You have a prompt in your application packet that is asking you to write about failure.
A lot of the best advice suggests that you turn this essay about failure into an essay about success.
Why not actually talk about the causes and nature of the failure? Most of the essays on failure that I see as an editor really do skirt the issue, instead arguing how “the failure actually should be viewed as a reason for success.” Now there is nothing wrong with this, but it often doesn’t answer the question.
Why Nobody Wants You to Write About Failure
There is a good reason for the advice to sidestep the topic, because it is meant to keep you from doing what naturally occurs when you start writing about failure. The syntax itself becomes failure-prone when, as a writer, you zero in on the idea of failure. But why not take a little risk?
You can talk about the very complex nature of failure and also of failure cycles and of the failures that either preceded or were perpetuated by the one you are talking about specifically (see below for an outline). You can talk about how different cultures perpetuate failure cycles or even about how certain family traits perpetuate failure cycles, but you must be very careful in terms of the wording because you do not want to negatively stereotype any groups or individuals. Again, people stay away from this content because it can get you into trouble. But readers appreciate candidates who take a bit of risk.
The Communication Perspective
Failures almost always involve a form of miscommunication, and another way to talk about failure is to point to the “failure that underlies the failure,” and this, again, is almost always a form of miscommunication. Providing this information can often be just as valuable as explaining the details of the specific failure itself (such as the quantitative facts related to the failure, for example, if you are a business applicant and have been asked to address a business failure, which in business is best done with numbers).
1. Put the reader in the picture in the first paragraph. Provide the facts that can enable the reader to appreciate the scope of the failure. Use the journalist’s tools:
- Who: what was your role?
- What: what was the failure specifically?
- Where: provide the details
- When: provide the details
- Why: why did it qualify as a failure in that setting?
2. Talk about the failure that was behind the failure. Was there a lack of communication? If so, what led to it? Again, this is material that many people avoid, but it can be valuable. To keep it from becoming too downbeat, remember that you must always be forgiving when you are talking about other people in your essays. Do not criticize others in your failure essay. If you avoid this you will be fine.
3. Talk about the sense of disorientation.
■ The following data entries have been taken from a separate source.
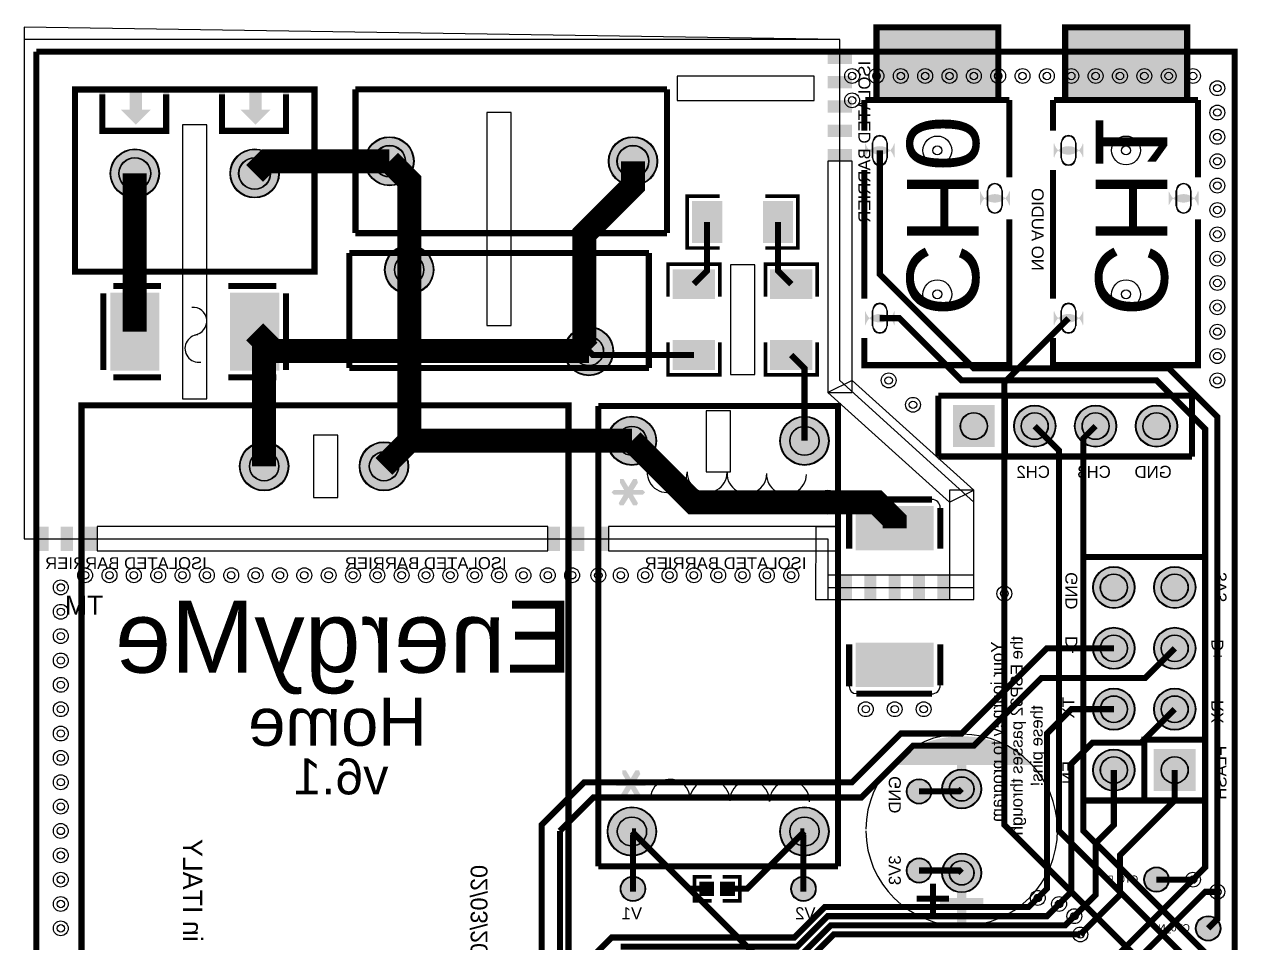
# Model space of a CAD drawing. Header units: millimetres. Extents: x -0.5 to 50.1, y -88.1 to 1.1.
# Drawn here: x -0.5 to 50.1, y -37.2 to 1.1 of the extents above; entities that cross this region are included whole.
import ezdxf

# ---------------------------------------------------------------- set-up
doc = ezdxf.new("R2010")
doc.units = ezdxf.units.MM
for name, color, linetype, true_color in [('3V3', 7, 'Continuous', 0x008000), ('BoardOutLine', 7, 'Continuous', 0xff00ff), ('BottomLayer', 7, 'Continuous', 0x0000ff), ('BottomPasteMaskLayer', 7, 'Continuous', 0x800000), ('BottomSilkLayer', 7, 'Continuous', 0x66cc33), ('BottomSolderMaskLayer', 7, 'Continuous', 0xaa00ff), ('Document', 7, 'Continuous', 0xffffff), ('GND', 7, 'Continuous', 0x999966), ('Hole', 7, 'Continuous', 0x222222), ('Multi-Layer', 7, 'Continuous', 0xc0c0c0), ('TopLayer', 7, 'Continuous', 0xff0000), ('TopPasteMaskLayer', 7, 'Continuous', 0x808080), ('TopSilkLayer', 7, 'Continuous', 0xffcc00), ('TopSolderMaskLayer', 7, 'Continuous', 0x800080)]:
    doc.layers.add(name, color=color, linetype=linetype, true_color=true_color)
doc.styles.get("Standard").update_dxf_attribs({"font": 'arial.ttf'})

msp = doc.modelspace()

# ---------------------------------------------------------------- hatches: boundary and pattern name
at = {"layer": 'BottomLayer'}
for points in [[(36.33, -30.861, 1), (37.33, -30.861, 1)], [(36.33, -34.163, 1), (37.33, -34.163, 1)], [(24.392, -34.925, 1), (25.392, -34.925, 1)], [(31.504, -34.925, 1), (32.504, -34.925, 1)], [(46.236, -34.544, 1), (47.236, -34.544, 1)], [(48.395, -36.576, 1), (49.395, -36.576, 1)]]:
    msp.add_hatch(color=256, dxfattribs=at).paths.add_polyline_path(points)
at = {"layer": 'BottomPasteMaskLayer'}
for points in [[(36.33, -30.861, 1), (37.33, -30.861, 1)], [(36.33, -34.163, 1), (37.33, -34.163, 1)], [(24.392, -34.925, 1), (25.392, -34.925, 1)], [(31.504, -34.925, 1), (32.504, -34.925, 1)], [(46.236, -34.544, 1), (47.236, -34.544, 1)], [(48.395, -36.576, 1), (49.395, -36.576, 1)]]:
    msp.add_hatch(color=256, dxfattribs=at).paths.add_polyline_path(points)
at = {"layer": 'BottomSilkLayer'}
for points in [[(33.02, 0), (33.02, -0.508), (34.036, -0.508), (34.036, 0)], [(33.02, -1.016), (33.02, -1.524), (34.036, -1.524), (34.036, -1.016)], [(33.02, -2.032), (33.02, -2.54), (34.036, -2.54), (34.036, -2.032)], [(33.02, -3.048), (33.02, -3.556), (34.036, -3.556), (34.036, -3.048)], [(33.02, -4.064), (33.02, -4.572), (34.036, -4.572), (34.036, -4.064)], [(0.508, -19.812), (0, -19.812), (0, -20.828), (0.508, -20.828)], [(1.524, -19.812), (1.016, -19.812), (1.016, -20.828), (1.524, -20.828)], [(2.54, -19.812), (2.032, -19.812), (2.032, -20.828), (2.54, -20.828)], [(21.844, -19.812), (21.336, -19.812), (21.336, -20.828), (21.844, -20.828)], [(22.86, -19.812), (22.352, -19.812), (22.352, -20.828), (22.86, -20.828)], [(23.876, -19.812), (23.368, -19.812), (23.368, -20.828), (23.876, -20.828)], [(34.036, -21.844), (33.528, -21.844), (33.528, -22.86), (34.036, -22.86)], [(35.052, -21.844), (34.544, -21.844), (34.544, -22.86), (35.052, -22.86)], [(36.068, -21.844), (35.56, -21.844), (35.56, -22.86), (36.068, -22.86)], [(37.084, -21.844), (36.576, -21.844), (36.576, -22.86), (37.084, -22.86)], [(38.1, -21.844), (37.592, -21.844), (37.592, -22.86), (38.1, -22.86)]]:
    msp.add_hatch(color=256, dxfattribs=at).paths.add_polyline_path(points)
at = {"layer": 'BottomSolderMaskLayer'}
for points in [[(13.707, -4.572, 1), (15.757, -4.572, 1)], [(23.867, -4.572, 1), (25.917, -4.572, 1)], [(35.817, -3.807, -0.785398), (34.567, -3.807), (34.567, -4.433, -0.785398), (35.817, -4.433)], [(43.691, -3.807, -0.785398), (42.441, -3.807), (42.441, -4.433, -0.785398), (43.691, -4.433)], [(3.078, -5.08, 1), (5.129, -5.08, 1)], [(8.078, -5.08, 1), (10.129, -5.08, 1)], [(40.618, -5.807, -0.785398), (39.367, -5.807), (39.367, -6.433, -0.785398), (40.618, -6.433)], [(48.492, -5.807, -0.785398), (47.241, -5.807), (47.241, -6.433, -0.785398), (48.492, -6.433)], [(14.53, -9.096, 1), (16.58, -9.096, 1)], [(35.817, -10.807, -0.785398), (34.567, -10.807), (34.567, -11.433, -0.785398), (35.817, -11.433)], [(43.691, -10.807, -0.785398), (42.441, -10.807), (42.441, -11.433, -0.785398), (43.691, -11.433)], [(22.028, -12.494, 1), (24.078, -12.494, 1)], [(38.241, -14.746), (39.991, -14.746), (39.991, -16.496), (38.241, -16.496)], [(40.781, -15.621, 1), (42.531, -15.621, 1)], [(43.321, -15.621, 1), (45.071, -15.621, 1)], [(45.861, -15.621, 1), (47.611, -15.621, 1)], [(23.823, -16.234, 1), (25.874, -16.234, 1)], [(31.023, -16.234, 1), (33.073, -16.234, 1)], [(8.475, -17.3, 1), (10.526, -17.3, 1)], [(13.475, -17.3, 1), (15.526, -17.3, 1)], [(44.083, -22.352, 1), (45.833, -22.352, 1)], [(46.623, -22.352, 1), (48.373, -22.352, 1)], [(44.083, -24.892, 1), (45.833, -24.892, 1)], [(46.623, -24.892, 1), (48.373, -24.892, 1)], [(44.083, -27.432, 1), (45.833, -27.432, 1)], [(46.623, -27.432, 1), (48.373, -27.432, 1)], [(44.083, -29.972, 1), (45.833, -29.972, 1)], [(46.623, -30.847), (46.623, -29.097), (48.373, -29.097), (48.373, -30.847)], [(36.305, -30.861, 1), (37.355, -30.861, 1)], [(37.783, -30.762, 1), (39.433, -30.762, 1)], [(23.823, -32.534, 1), (25.874, -32.534, 1)], [(31.023, -32.534, 1), (33.073, -32.534, 1)], [(36.305, -34.163, 1), (37.355, -34.163, 1)], [(37.783, -34.262, 1), (39.433, -34.262, 1)], [(24.367, -34.925, 1), (25.417, -34.925, 1)], [(31.479, -34.925, 1), (32.529, -34.925, 1)], [(46.211, -34.544, 1), (47.261, -34.544, 1)], [(48.37, -36.576, 1), (49.42, -36.576, 1)]]:
    msp.add_hatch(color=256, dxfattribs=at).paths.add_polyline_path(points)
at = {"layer": 'Document'}
for points in [[(40.132, 1.016), (40.132, -2.032), (35.052, -2.032), (35.052, 1.016)], [(48.006, 1.016), (48.006, -2.032), (42.926, -2.032), (42.926, 1.016)], [(5.541, -1.778), (5.541, -3.302), (5.54, -3.319), (5.537, -3.335), (5.531, -3.351), (5.524, -3.366), (5.515, -3.379), (5.504, -3.392), (5.491, -3.403), (5.478, -3.412), (5.463, -3.419), (5.447, -3.425), (5.431, -3.428), (5.414, -3.429), (2.747, -3.429), (2.731, -3.428), (2.714, -3.425), (2.699, -3.419), (2.684, -3.412), (2.67, -3.403), (2.657, -3.392), (2.646, -3.379), (2.637, -3.366), (2.63, -3.351), (2.624, -3.335), (2.621, -3.319), (2.62, -3.302), (2.62, -1.778), (2.621, -1.761), (2.624, -1.745), (2.63, -1.729), (2.637, -1.715), (2.646, -1.701), (2.657, -1.688), (2.67, -1.677), (2.684, -1.668), (2.699, -1.661), (2.714, -1.655), (2.731, -1.652), (2.747, -1.651), (2.764, -1.652), (2.78, -1.655), (2.796, -1.661), (2.811, -1.668), (2.824, -1.677), (2.837, -1.688), (2.848, -1.701), (2.857, -1.715), (2.864, -1.729), (2.87, -1.745), (2.873, -1.761), (2.874, -1.778), (2.874, -3.175), (5.287, -3.175), (5.287, -1.778), (5.288, -1.761), (5.291, -1.745), (5.297, -1.729), (5.304, -1.715), (5.313, -1.701), (5.324, -1.688), (5.337, -1.677), (5.351, -1.668), (5.366, -1.661), (5.381, -1.655), (5.398, -1.652), (5.414, -1.651), (5.431, -1.652), (5.447, -1.655), (5.463, -1.661), (5.478, -1.668), (5.491, -1.677), (5.504, -1.688), (5.515, -1.701), (5.524, -1.715), (5.531, -1.729), (5.537, -1.745), (5.54, -1.761), (5.541, -1.778)], [(4.398, -1.524), (4.398, -2.413), (4.779, -2.413), (4.144, -3.048), (3.509, -2.413), (3.89, -2.413), (3.89, -1.524)], [(10.541, -1.778), (10.541, -3.302), (10.54, -3.319), (10.537, -3.335), (10.531, -3.351), (10.524, -3.366), (10.515, -3.379), (10.504, -3.392), (10.491, -3.403), (10.478, -3.412), (10.463, -3.419), (10.447, -3.425), (10.431, -3.428), (10.414, -3.429), (7.747, -3.429), (7.731, -3.428), (7.714, -3.425), (7.699, -3.419), (7.684, -3.412), (7.67, -3.403), (7.657, -3.392), (7.646, -3.379), (7.637, -3.366), (7.63, -3.351), (7.624, -3.335), (7.621, -3.319), (7.62, -3.302), (7.62, -1.778), (7.621, -1.761), (7.624, -1.745), (7.63, -1.729), (7.637, -1.715), (7.646, -1.701), (7.657, -1.688), (7.67, -1.677), (7.684, -1.668), (7.699, -1.661), (7.714, -1.655), (7.731, -1.652), (7.747, -1.651), (7.764, -1.652), (7.78, -1.655), (7.796, -1.661), (7.811, -1.668), (7.824, -1.677), (7.837, -1.688), (7.848, -1.701), (7.857, -1.715), (7.864, -1.729), (7.87, -1.745), (7.873, -1.761), (7.874, -1.778), (7.874, -3.175), (10.287, -3.175), (10.287, -1.778), (10.288, -1.761), (10.291, -1.745), (10.297, -1.729), (10.304, -1.715), (10.313, -1.701), (10.324, -1.688), (10.337, -1.677), (10.351, -1.668), (10.366, -1.661), (10.381, -1.655), (10.398, -1.652), (10.414, -1.651), (10.431, -1.652), (10.447, -1.655), (10.463, -1.661), (10.478, -1.668), (10.491, -1.677), (10.504, -1.688), (10.515, -1.701), (10.524, -1.715), (10.531, -1.729), (10.537, -1.745), (10.54, -1.761), (10.541, -1.778)], [(9.398, -1.524), (9.398, -2.413), (9.779, -2.413), (9.144, -3.048), (8.509, -2.413), (8.89, -2.413), (8.89, -1.524)], [(24.898, -17.833), (25.048, -17.833), (25.098, -17.983), (24.498, -18.933), (24.348, -18.933), (24.298, -18.833)], [(24.348, -17.983), (24.348, -17.833), (24.498, -17.833), (25.098, -18.833), (25.048, -18.933), (24.898, -18.933)], [(24.098, -18.483), (23.998, -18.383), (23.998, -18.383), (24.098, -18.283), (25.298, -18.283), (25.398, -18.383), (25.398, -18.383), (25.298, -18.483)], [(38.408, -29.012), (38.408, -30.412), (38.808, -30.412), (38.808, -28.812), (38.808, -28.612), (38.408, -28.612)], [(24.998, -29.984), (25.148, -29.984), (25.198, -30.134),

You can endear yourself to your reader if you “confess” to the confusion that you faced without making too much of it.
4. Again, there’s no point in throwing out the baby with the bathwater, and most prompts do in fact ask about the lessons learned. So in your fourth paragraph you can come back to the typical spin about how you overcame the failure and the lessons you learned.
5. In your conclusion you can talk about the causes of the failure that you now understand. This can work even better than the more typical “hence this was not really a failure” conclusion. Really, failure gets a bad rap. Write a bit about it and what you learned about how it affects us. It just might work.
Don’t be afraid to analyze a failure, and don’t overdo the “without this failure I could never have achieved success” angle. Just write about what you learned and how this has helped you.